Previous approaches learnt a supervised policy network to predict the behaviors of teams in a deterministic fashion, but with the advancements in language modelling, more creative outputs (some which may not have been seen before), could be generated. But it is worth noting that sometimes coaches/analysts will prefer to have the deterministic prediction (i.e., what did happen) vs what are different ways that the play could have been run.

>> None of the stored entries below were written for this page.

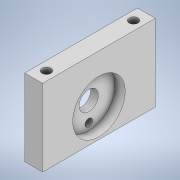
# Autodesk Inventor part: motor_front
Saved by Autodesk Inventor 2020 (Build 240168000, 168)
## iProperties
Created: 2023-11-06
Part Number: motor_front
Material: Типовые
Document SubType Name: Modeling
Designer: denis
Density: 1 g/cm^3
Appearance: По умолчанию
Author: denis
Autodesk Inventor part; units mm, degrees
ref_plane "YZ Plane" through (0, 0, 0) normal (1, 0, 0) x (0, 1, 0)
ref_plane "XZ Plane" through (0, 0, 0) normal (0, 1, 0) x (-1, 0, 0)
ref_plane "XY Plane" through (0, 0, 0) normal (0, 0, 1) x (1, 0, 0)
sketch "Эскиз1" plane through (0, 0, 0) normal (0, 1, 0) x (-1, 0, 0)
  line L0 (7, 44) -> (0, 44)
  line L1 (0, 44) -> (0, 0)
  line L2 (0, 0) -> (7, 0)
  line L3 (7, 0) -> (7, 44)
  line L4 (-16.3445, 0) -> (14.925, 0) construction
  line L5 (0, 24.3748) -> (0, -24.0504) construction
  circle A0 centre (3.5, 39) radius 1.75
  line L6 (3.5, 44) -> (3.5, 0) construction
  line L7 (7, 22) -> (0, 22) construction
  circle A1 centre (3.5, 5) radius 1.75
  point P0 (0, 0)
  dimension "d0" = 44
  dimension "d1" = 7
  dimension "d2" = 3.5
  dimension "d5" = 34
  constraints: 16 end point, 3 horizontal, 3 perpendicular, 3 point on line, 2 centre point, 2 collinear, 2 midpoint, 2 parallel, 2 vertical, 1 symmetric about line, 1 other
  measures "d0" distance of L2.end L0.start
  measures "d1" distance of L0.start L0.end
  measures "d2" diameter of A0
  measures "d5" distance of A1.centre A0.centre
extrude "Выдавливание1" add sketch "Эскиз1" along normal blind 30
sketch "Эскиз2" plane through (0, 0, 44) normal (1, 0, 0) x (0, 0, -1)
  line L0 (0, 0) -> (44, 0) construction
  line L1 (44, 0) -> (44, 30) construction
  line L2 (0, 30) -> (44, 30) construction
  line L3 (0, 0) -> (0, 30) construction
  line L4 (44, 30) -> (0, 30) construction
  line L5 (22, 30) -> (22, 0) construction
  line L6 (44, 0) -> (0, 0) construction
  line L7 (0, 0) -> (0, 30) construction
  line L8 (0, 15) -> (44, 15) construction
  line L9 (44, 0) -> (44, 30) construction
  circle A0 centre (22, 11.2) radius 10.25
  circle A1 centre (22, 11.2) radius 3.75
  circle A2 centre (22, 18.7) radius 1.5
  line L10 (18.25, 11.2) -> (25.75, 11.2) construction
  circle A3 centre (22, 3.7) radius 1.5
  dimension "d8" = 20.5
  dimension "d9" = 11.2
  dimension "d10" = 7.5
  dimension "d11" = 3
  dimension "d12" = 15
  constraints: 6 end point, 5 midpoint, 4 centre point, 2 point on circle, 2 point on line, 1 coincident, 1 horizontal, 1 symmetric about line, 1 other
  measures "d8" diameter of A0
  measures "d9" distance from line of L0 A0.centre
  measures "d10" diameter of A1
  measures "d11" diameter of A2
  measures "d12" distance of A3.centre A2.centre
extrude "Выдавливание2" cut sketch "Эскиз2" against normal blind 30 contours A1 | A2 | A3
extrude "Выдавливание3" cut sketch "Эскиз2" against normal blind 4
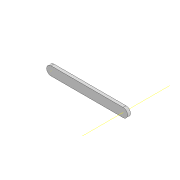
# Autodesk Inventor part: Recta_Theta1
Saved by Autodesk Inventor 2021 (Build 250183000, 183)
## iProperties
Created: 2021-07-18
Part Number: Recta_Theta1
Material: Generic
Document SubType Name: Modeling
Designer: Santiago
Density: 1 g/cm^3
Appearance: Default
Author: Santiago
Autodesk Inventor part; units mm, degrees
ref_plane "YZ Plane" through (0, 0, 0) normal (1, 0, 0) x (0, 1, 0)
ref_plane "XZ Plane" through (0, 0, 0) normal (0, 1, 0) x (-1, 0, 0)
ref_plane "XY Plane" through (0, 0, 0) normal (0, 0, 1) x (1, 0, 0)
sketch "Sketch1" plane through (0, 0, 0) normal (0, 0, 1) x (1, 0, 0)
  line L0 (0, 0) -> (245, 0)
  line L1 (0, 0) -> (245, 0) construction
  line L2 (0, -15) -> (245, -15)
  line L3 (245, 15) -> (0, 15)
  arc A0 (0, 15) -> (0, -15) centre (0, 0) ccw
  arc A1 (245, -15) -> (245, 15) centre (245, 0) ccw
  point P0 (122.5, 0)
  dimension "d1" = 245
  dimension "d2" = 30
  constraints: 10 end point, 4 point on circle, 4 tangent, 2 centre point, 2 equal length, 1 horizontal, 1 midpoint
  measures "d1" distance of L0.start L0.end
  measures "d2" diameter of A1
extrude "Extrusion1" add sketch "Sketch1" along normal blind 10
body "Solid1"
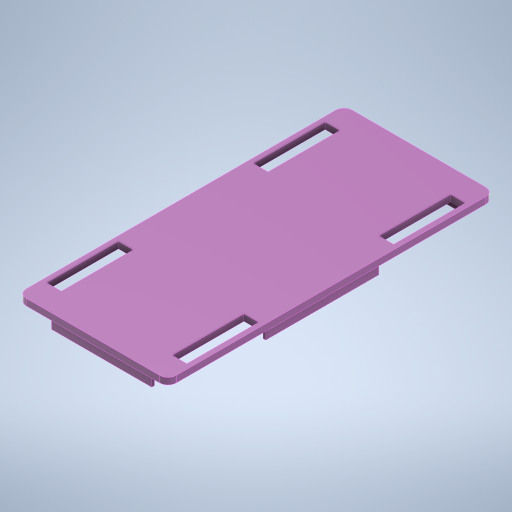
# Autodesk Inventor part: horni1
Saved by Autodesk Inventor 2023.2 (Build 272271000, 271)
## iProperties
Created: 2024-01-21
Part Number: horni1
Material: Generic
Document SubType Name: Modeling
Designer: marek
Density: 1 g/cm^3
Appearance: Smooth - Purple
Author: marek
Autodesk Inventor part; units mm, degrees
ref_plane "YZ Plane" through (0, 0, 0) normal (1, 0, 0) x (0, 1, 0)
ref_plane "XZ Plane" through (0, 0, 0) normal (0, 1, 0) x (-1, 0, 0)
ref_plane "XY Plane" through (0, 0, 0) normal (0, 0, 1) x (1, 0, 0)
sketch "Sketch1" plane through (0, 0, 0) normal (0, 1, 0) x (-1, 0, 0)
  line L0 (23, -50) -> (-23, -50)
  line L1 (-23, -50) -> (-23, 50)
  line L2 (-23, 50) -> (23, 50)
  line L3 (23, 50) -> (23, -50)
  line L4 (0, -70) -> (0, 70) projected
  line L5 (-32.2, 0) -> (32.2, 0) projected
  point P0 (0, 0)
  dimension "d0" = 46
  dimension "d1" = 100
  constraints: 8 end point, 2 parallel, 1 horizontal, 1 perpendicular, 2 other
  measures "d0" distance of L2.end L1.end
  measures "d1" distance of L1.end L0.end
extrude "Extrusion1" add sketch "Sketch1" along normal blind 2
fillet "Fillet1" radius 2.5 4 edges at (-23, 1, -50) (-23, 1, 50) (23, 1, -50) (23, 1, 50)
sketch "Sketch6" plane through (0, 0, 0) normal (0, -1, 0) x (1, 0, 0)
  line L0 (21.5, -42.7) -> (17, -42.7)
  line L1 (17, -42.7) -> (17, -20.7)
  line L2 (17, -20.7) -> (21.5, -20.7)
  line L3 (21.5, -20.7) -> (21.5, -42.7)
  line L4 (20.5, -50) -> (-20.5, -50) projected
  line L5 (23, 47.5) -> (23, -47.5) projected
  line L6 (0, 70) -> (0, -70) projected
  line L7 (-32.2, 0) -> (32.2, 0) projected
  line L8 (-21.5, -42.7) -> (-17, -42.7)
  line L9 (-17, -42.7) -> (-17, -20.7)
  line L10 (-17, -20.7) -> (-21.5, -20.7)
  line L11 (-21.5, -20.7) -> (-21.5, -42.7)
  line L12 (21.5, 42.7) -> (17, 42.7)
  line L13 (17, 42.7) -> (17, 20.7)
  line L14 (17, 20.7) -> (21.5, 20.7)
  line L15 (21.5, 20.7) -> (21.5, 42.7)
  line L16 (-21.5, 42.7) -> (-17, 42.7)
  line L17 (-17, 42.7) -> (-17, 20.7)
  line L18 (-17, 20.7) -> (-21.5, 20.7)
  line L19 (-21.5, 20.7) -> (-21.5, 42.7)
  point P0 (0, 0)
  dimension "d50" = 4.5
  dimension "d51" = 22
  dimension "d52" = 7.3
  dimension "d53" = 1.5
  constraints: 32 end point, 12 symmetric about line, 2 parallel, 1 horizontal, 1 perpendicular
  measures "d50" distance of L1.end L2.end
  measures "d51" distance of L0.end L1.end
  measures "d52" distance between parallel lines of L4 L0
  measures "d53" distance between parallel lines of L5 L3
extrude "Extrusion6" cut sketch "Sketch6" against normal through all
sketch "Sketch7" plane through (0, 0, 0) normal (0, -1, 0) x (1, 0, 0)
  line L0 (17, -20.7) -> (21.5, -20.7) projected
  line L1 (19.5, 17.35) -> (19.5, -17.35)
  line L2 (20.35, -17.35) -> (20.35, 17.35)
  line L3 (23, 47.5) -> (23, -47.5) projected
  line L4 (0, 70) -> (0, -70) projected
  line L5 (-32.2, 0) -> (32.2, 0) projected
  line L6 (21.5, 20.7) -> (17, 20.7) projected
  line L7 (15.35, 47.35) -> (-15.35, 47.35)
  line L8 (-15.35, 46.5) -> (15.35, 46.5)
  line L9 (-20.5, 50) -> (20.5, 50) projected
  line L10 (-15.371, 47.35) -> (-15.35, 47.35)
  line L11 (20.35, 17.35) -> (19.5, 17.35)
  line L12 (20.35, -17.35) -> (19.5, -17.35)
  line L13 (15.35, 46.5) -> (15.35, 47.35)
  line L14 (17, 20.7) -> (17, 42.7) projected
  line L15 (-15.35, 46.5) -> (-15.35, 47.35)
  line L16 (-17, 42.7) -> (-17, 20.7) projected
  line L17 (15.35, -47.35) -> (-15.35, -47.35)
  line L18 (-15.35, -46.5) -> (15.35, -46.5)
  line L19 (-15.371, -47.35) -> (-15.35, -47.35)
  line L20 (15.35, -46.5) -> (15.35, -47.35)
  line L21 (-15.35, -46.5) -> (-15.35, -47.35)
  line L22 (-17, -20.7) -> (-21.5, -20.7)
  line L23 (-19.5, 17.35) -> (-19.5, -17.35)
  line L24 (-20.35, -17.35) -> (-20.35, 17.35)
  line L25 (-21.5, 20.7) -> (-17, 20.7)
  line L26 (-20.35, 17.35) -> (-19.5, 17.35)
  line L27 (-20.35, -17.35) -> (-19.5, -17.35)
  line L28 (-23, -47.5) -> (-23, 47.5) projected
  point P0 (0, 0)
  dimension "d57" = 3.5
  dimension "d65" = 3.5
  dimension "d67" = 3.35
  dimension "d68" = 0.85
  dimension "d69" = 3.35
  dimension "d70" = 0.85
  dimension "d75" = 7.65
  dimension "d76" = 7.65
  constraints: 38 end point, 12 symmetric about line, 2 horizontal, 2 parallel, 2 perpendicular, 2 point on line, 2 vertical, 4 other
  measures "d57" distance between parallel lines of L3 L1
  measures "d65" distance between parallel lines of L9 L8
  measures "d68" distance between parallel lines of L1 L2
  measures "d69" distance between parallel lines of L0 L12
  measures "d70" distance between parallel lines of L7 L8
  measures "d75" distance between parallel lines of L13 L3
  measures "d76" distance between parallel lines of L28 L15
extrude "Extrusion7" add sketch "Sketch7" along normal blind 5
body "Solid1"

Another benefit of using language modeling is that it can be used as an assistive aid in our sports data collection process (similar to the coding assistant mentioned previously), where it is used within our computer vision-based player- and ball-tracking systems, or to highlight a potentially erroneous data point for our human operations or integrity teams to assess.
ChatGPT is a fantastically ambitious and incredibly well-executed tool. Whilst it may not have as many direct applications in sports or news reporting as in other fields, the underlying Generative AI approaches are already in use at Stats Perform, using our own proprietary language of sport as the input. They are already powering many applications in the team performance arena and are sure to augment many aspects of sports content and analysis in the future.
Dr. Patrick Lucey is the Chief Scientist at sports data giants Stats Perform, leading the AI team with the goal of maximizing the value of the company’s deep treasure troves of sports data. Patrick has studied and worked in the AI field for the past 20 years, holding research positions at Disney Research and the Robotics Institute at Carnegie Mellon University as well as spending time at IBM’s T.J. Watson Research Center while pursuing his Ph.D. Patrick hails from Australia where he received his BEng(EE) from the University of Southern Queensland and his doctorate from Queensland University of Technology. He has authored more than 100 peer reviewed papers and has been a co-author on papers in the MIT Sloan Best Research Paper Track, winning best paper in 2016 and runner-up in 2017 and 2018.